And while we are on the subject of blog posts by Derek Lowe, here’s one where he points to news about Goldman Sachs funding a large pharma company and using a “new” business model

(The model involves) a different approach, creating a “research pool” into which pharma companies would place a range of experimental drugs in a single therapeutic area in early-stage phase 1 and 2 trials, where their specialists would work alongside external experts including scientists, chemists and clinical research organizations.

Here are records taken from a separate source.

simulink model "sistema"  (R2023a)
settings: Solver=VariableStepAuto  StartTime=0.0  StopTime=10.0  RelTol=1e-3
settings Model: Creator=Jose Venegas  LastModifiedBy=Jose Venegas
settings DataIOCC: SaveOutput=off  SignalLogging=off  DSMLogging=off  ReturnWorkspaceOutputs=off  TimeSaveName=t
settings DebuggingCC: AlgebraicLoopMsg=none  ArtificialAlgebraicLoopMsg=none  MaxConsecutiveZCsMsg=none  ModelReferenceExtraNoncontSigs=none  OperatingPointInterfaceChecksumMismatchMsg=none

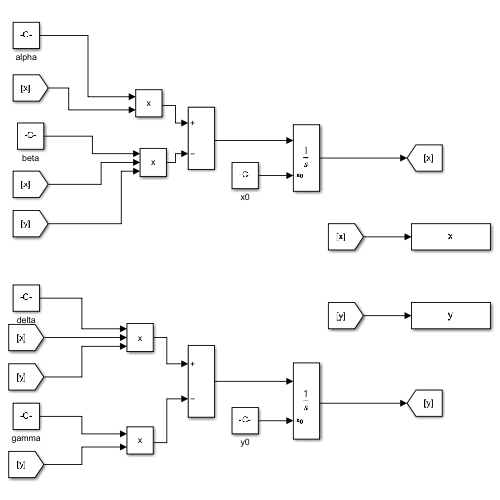
[thumbnail: Simulink's stored preview of the top-level diagram]
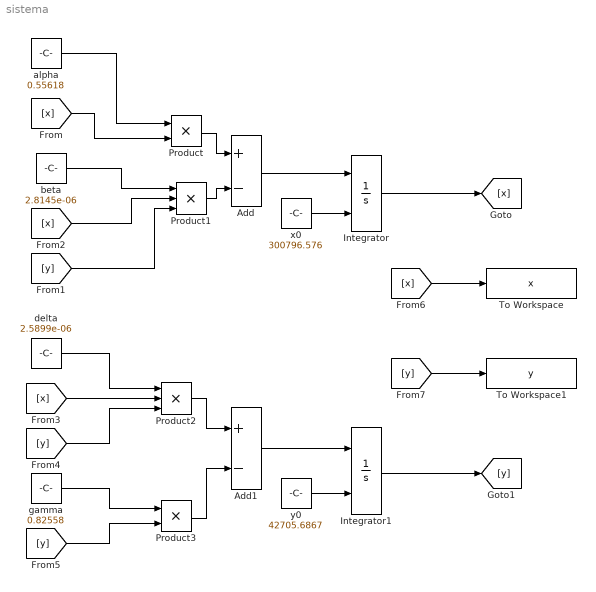
== system sistema ==
  Add : Sum  Inputs=+-
  Add1 : Sum  Inputs=+-
  Integrator : Integrator  InitialConditionSource=external
  Integrator1 : Integrator  InitialConditionSource=external
  Product : Product
  Product1 : Product  Inputs=3
  Product2 : Product  Inputs=3
  Product3 : Product
  To Workspace : ToWorkspace  VariableName=x  SampleTime=-1
  To Workspace1 : ToWorkspace  VariableName=y  SampleTime=-1
  alpha : Constant  Value=0.55618
  beta : Constant  Value=2.8145e-06
  delta : Constant  Value=2.5899e-06
  gamma : Constant  Value=0.82558
  x0 : Constant  Value=300796.576
  y0 : Constant  Value=42705.6867
  wires:
  x0/1 -> Integrator/2
  Add/1 -> Integrator/1
  Integrator/1 -> [x]
  Integrator1/1 -> [y]
  Add1/1 -> Integrator1/1
  y0/1 -> Integrator1/2
  alpha/1 -> Product/1
  [x] -> Product/2
  Product/1 -> Add/1
  beta/1 -> Product1/1
  [x] -> Product1/2
  [y] -> Product1/3
  delta/1 -> Product2/1
  Product1/1 -> Add/2
  [x] -> Product2/2
  [y] -> Product2/3
  [y] -> Product3/2
  gamma/1 -> Product3/1
  Product2/1 -> Add1/1
  Product3/1 -> Add1/2
  [x] -> To Workspace/1
  [y] -> To Workspace1/1
simulink model "flightControlSystem"  (R2023a)
settings: Solver=ode3  StartTime=0  StopTime=TFinal  FixedStep=Ts  RelTol=1e-3  EnableMultiTasking=on
undefined symbols (not defined in the file): Centro_circulo, codertarget, Controller, DiscIntNeverNeededParam, Discrete, Estimator, g, gray, init, orient_ref, pos_ref, Sensors, Time, Ts, var_acc_angle_N, var_bias_gyr_N, var_gyro_p_N, Vehicle
libraries: simulink x38, slpidlib x4, simulink_extras x4, ctrlSharedLib x4, sharedtransform x3, visiontextngfix x3, visionstatistics x2, visiongeotforms x2, parrotlib x1
(part 3 of 3)

== system flightControlSystem/Control System/State Estimator/XY Position Estimator/EstimatorVelocity/xy velocity w//o angular velocity compensation ==
  note: Optical flow raw readings are converted to velocity in m/s based on the estimated altitude
  optical_flow : Inport
  z_estimate : Inport  Port=2
  " " : Product  Inputs=**
  Compare To Constant : simulink/Logic and Bit Operations/Compare To Constant  relop=<  const=200*4  OutDataTypeStr=boolean
  Counter Free-Running : simulink/Sources/Counter Free-Running  NumBits=32  tsamp=-1
  Gain : Gain  Gain=-1
  Select dxy : Selector  InputPortWidth=3  IndexOptions=Index vector (dialog)  Indices=[1 2]  OutputSizes=1
  Switch : Switch  Criteria=u2 > Threshold  SaturateOnIntegerOverflow=off  InputSameDT=off
  opticalFlowErrorCorrect : Gain  Gain=1.15
  optical_flow_dx_dy : Outport
  wires:
  Select dxy/1 -> optical_flow_dx_dy/1  "optical_flow_dx_dy"
  " "/1 -> opticalFlowErrorCorrect/1
  opticalFlowErrorCorrect/1 -> Switch/3
  Gain/1 -> " "/2
  Switch/1 -> Select dxy/1
  Counter Free-Running/1 -> Compare To Constant/1
  Compare To Constant/1 -> Switch/2
  optical_flow/1 -> " "/1, Switch/1
  z_estimate/1 -> Gain/1

== matlab function flightControlSystem/Image Processing System/Calibrate for Sim ==
  data: RGB input; maskedRGBImage output; BW output
function [maskedRGBImage, BW]= createMask(RGB)

%createMask  Threshold RGB image using auto-generated code from colorThresholder app.
%  [BW,MASKEDRGBIMAGE] = createMask(RGB) thresholds image RGB using
%  auto-generated code from the colorThresholder app. The colorspace and
%  range for each channel of the colorspace were set within the app. The
%  segmentation mask is returned in BW, and a composite of the mask and
%  original RGB images is returned in maskedRGBImage.

% Auto-generated by colorThresholder app on 27-Sep-2023
%------------------------------------------------------


% Convert RGB image to chosen color space
I = RGB;

% % Real Values
% channel1Min = 244.000;
% channel1Max = 255.000;
% channel2Min = 190.000;
% channel2Max = 255.000;
% channel3Min = 127.000;
% channel3Max = 255.000;


%Sim Values
channel1Min = 22.000;
channel1Max = 255.000;
channel2Min = 0.000;
channel2Max = 17.000;
channel3Min = 0.000;
channel3Max = 25.000;




% Create mask based on chosen histogram thresholds
sliderBW = (I(:,:,1) >= channel1Min ) & (I(:,:,1) <= channel1Max) & ...
    (I(:,:,2) >= channel2Min ) & (I(:,:,2) <= channel2Max) & ...
    (I(:,:,3) >= channel3Min ) & (I(:,:,3) <= channel3Max);
BW = sliderBW;

% Initialize output masked image based on input image.
maskedRGBImage = RGB;

% Set background pixels where BW is false to zero.
maskedRGBImage(repmat(~BW,[1 1 3])) = 0;

end

== matlab function flightControlSystem/Control System/Controller/Position Controller/Position error transformation (Earth to Body frame) ==
  data: yaw input; xy_err_earth input; xy_err_body output
function xy_err_body = fcn(yaw,xy_err_earth)

transformation = [cos(yaw), sin(yaw); -sin(yaw),  cos(yaw)];
xy_err_body = transformation * xy_err_earth;


end

== stateflow chart flightControlSystem/Control System/Path Planning/Chart ==
  state Moverse1
    entry:
    u = .4;
    v = .4;
    i= 0;
    during:
    xOut = 0;
    yOut = 0;
    zOut = -.9+i;
    i = i + .005;
  state Despegar
    entry:
    xOut = 0;
    yOut = 0;
    zOut = -.4;
    during:
    zOut = zEst -0.1;
  state Flotar
    entry:
    during:
    xOut = 0;
    yOut = 0;
    zOut = -.9;
    yaw_Out = .0;
  state Moverse
    entry:
    u = .7;
    v = .7;
    during:
    xOut = sind(c_theta)*u;
    yOut = cosd(c_theta)*v;
    zOut = -.9;
  (default) -> Despegar
  Moverse -> Moverse1 : [Circ_flag]
  Despegar -> Flotar : [zEst <= -.8]
  Flotar -> Moverse : after(3,sec)
  data: xOut output double; yOut output double; zOut output double; c_theta input; u local; v local; zEst input; yaw_Out output; Circ_flag input; i local

== matlab function flightControlSystem/Image Processing System/Mascara a rotar1 ==
  data: BW input; I output; C output; matCsup output; D output; giro output; threshold input
function [I,C,matCsup,D,giro] = fcn(BW, threshold)
giro = 0;
I = BW;
D = BW;
C = BW;
I(:,60:end) = 0;
C(:,[1:60, 120:end]) = 0; 
D(:,1:120) = 0;

matCsup = C;
matCsup(60:end,:) = 0;
Csup = sum(matCsup,"all")>threshold;
%Separar Izquierda en inferior y superior
matIsup = I;
matIsup(60:end,:) = 0;
Isup = sum(matIsup,"all")>threshold;

matIinf = I;
matIinf(1:70,:) = 0;
Iinf = sum(matIinf,"all")>threshold;
%Separar Derecha en inferior y superior
matDsup = D;
matDsup(60:end,:) = 0;
Dsup = sum(matDsup,"all")>threshold;

matDinf = D;
matDinf(1:70,:) = 0;
Dinf = sum(matDinf,"all")>threshold;


if Csup
    if Dsup
        if Dinf
            giro = .6;
        else
            giro = 1;
        end
    elseif Isup
        if Iinf
            giro = -.6;
        else
            giro = -1;
        end
    end
else
    giro = 0;
end

== matlab function flightControlSystem/Image Processing System/Mascara a rotar ==
  data: BW input; newBW output
function newBW = fcn(BW)
newBW = BW;
newBW(:,:) = 1;
max_pix = 120;
inicio = 45;
fin = 120-inicio;
% for c = 0:fin
%     b = c*max_pix/fin;
%     halfb = round(b/2);
%     newBW(inicio+c,80-halfb:80+halfb) = 0;
% end;

newBW(inicio:end,:) = 0;
newBW(1:inicio,1:30) = 0;
newBW(1:inicio,end-30:end) = 0;

== matlab function flightControlSystem/Image Processing System/Nuevo angulo ==
  data: p1 input; delta_x output; delta_y output; angle output; ccw_angle output
function [delta_x, delta_y, angle, ccw_angle] = fcn(p1)

center = [80,60];
delta_x = p1(1,1) - center(1);
delta_y = center(2) - p1(1,2);
if delta_x > 0
    if delta_y > 0
        angle = atand(delta_y/delta_x);
    else
        angle = 360 + atand(delta_y/delta_x);
    end;
else
    angle = atand(delta_y/delta_x)+180;
end;

if delta_x < 0
    if delta_y > 0
        ccw_angle = atand(delta_y/delta_x)+90;
    else
        ccw_angle = atand(delta_y/delta_x)+180;
    end;
else
    ccw_angle = atand(delta_y/delta_x)-90;
end;

By the time an experimental drug is in Phase I or II trials, little ‘research’ is really being done. It is mostly development, at least with regard to dosing and such, as well as production methods. The failure rate of drugs at this late stage is much lower than during the pre-development stage, which really is what most people would call research.

But the large costs for drug development comes at the clinical trial stages. So it makes sense for Big Pharma to pool resources here to save some money.

That’s a model that I am sure I’ve heard being mentioned somewhere else, although I can’t remember. The concept is one that does appeal to me in general, but is phase 1 or 2 the correct time? A lot of the attrition occurs in pre-clinical work. Isn’t that the best time to share some risk and make some bets? I still like the idea of a company whose task it is to find interesting drug candidates and connect that candidate to pharma, biotech, academic researchers and funding, or a model where there would be a marketplace that early stage candidates could be placed into and companies could form collaborations or bid for the ability to take the drug forward. This isn’t that far removed for those ideas. I think the distribution fosters innovation, but having someone orchestrating the network is also critical otherwise you won’t get anywhere.

Anyhows, will be following this story and see if we can find out more. A quick google search really didn’t shed any additional light.

Pre-development, on the other hand, is something Big Pharma has not been as innovative at. That can be seen in the areas of research seen in many non-profit research institutions and small biotech companies.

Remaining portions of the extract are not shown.